*** Extracted entries ***

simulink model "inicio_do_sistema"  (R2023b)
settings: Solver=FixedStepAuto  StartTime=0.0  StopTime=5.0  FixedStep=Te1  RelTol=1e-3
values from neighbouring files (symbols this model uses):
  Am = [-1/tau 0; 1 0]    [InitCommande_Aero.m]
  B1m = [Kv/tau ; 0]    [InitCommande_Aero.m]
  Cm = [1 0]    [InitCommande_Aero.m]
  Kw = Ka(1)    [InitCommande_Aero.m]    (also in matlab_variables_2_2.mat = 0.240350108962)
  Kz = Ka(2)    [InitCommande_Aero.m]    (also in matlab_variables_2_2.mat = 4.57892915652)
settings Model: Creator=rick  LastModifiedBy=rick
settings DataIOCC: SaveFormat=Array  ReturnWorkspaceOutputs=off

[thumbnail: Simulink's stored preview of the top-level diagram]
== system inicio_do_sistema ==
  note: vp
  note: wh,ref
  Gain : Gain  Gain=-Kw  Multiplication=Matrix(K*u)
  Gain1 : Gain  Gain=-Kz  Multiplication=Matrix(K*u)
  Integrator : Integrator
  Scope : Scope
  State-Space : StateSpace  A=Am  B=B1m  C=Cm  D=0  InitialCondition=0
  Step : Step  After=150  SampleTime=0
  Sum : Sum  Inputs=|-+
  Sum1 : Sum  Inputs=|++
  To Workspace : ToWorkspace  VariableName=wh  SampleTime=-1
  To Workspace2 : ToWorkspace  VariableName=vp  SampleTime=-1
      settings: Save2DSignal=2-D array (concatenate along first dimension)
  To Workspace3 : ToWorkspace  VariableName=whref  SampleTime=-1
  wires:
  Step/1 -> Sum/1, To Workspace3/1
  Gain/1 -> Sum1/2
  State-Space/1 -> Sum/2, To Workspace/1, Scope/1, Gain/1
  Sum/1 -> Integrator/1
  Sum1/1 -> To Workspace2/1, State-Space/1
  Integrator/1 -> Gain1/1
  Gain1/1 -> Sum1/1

*** End of Extracted entries ***

Whenever the string "State" shows up in a line above, copy that line.

  State-Space : StateSpace  A=Am  B=B1m  C=Cm  D=0  InitialCondition=0
  State-Space/1 -> Sum/2, To Workspace/1, Scope/1, Gain/1
  Sum1/1 -> To Workspace2/1, State-Space/1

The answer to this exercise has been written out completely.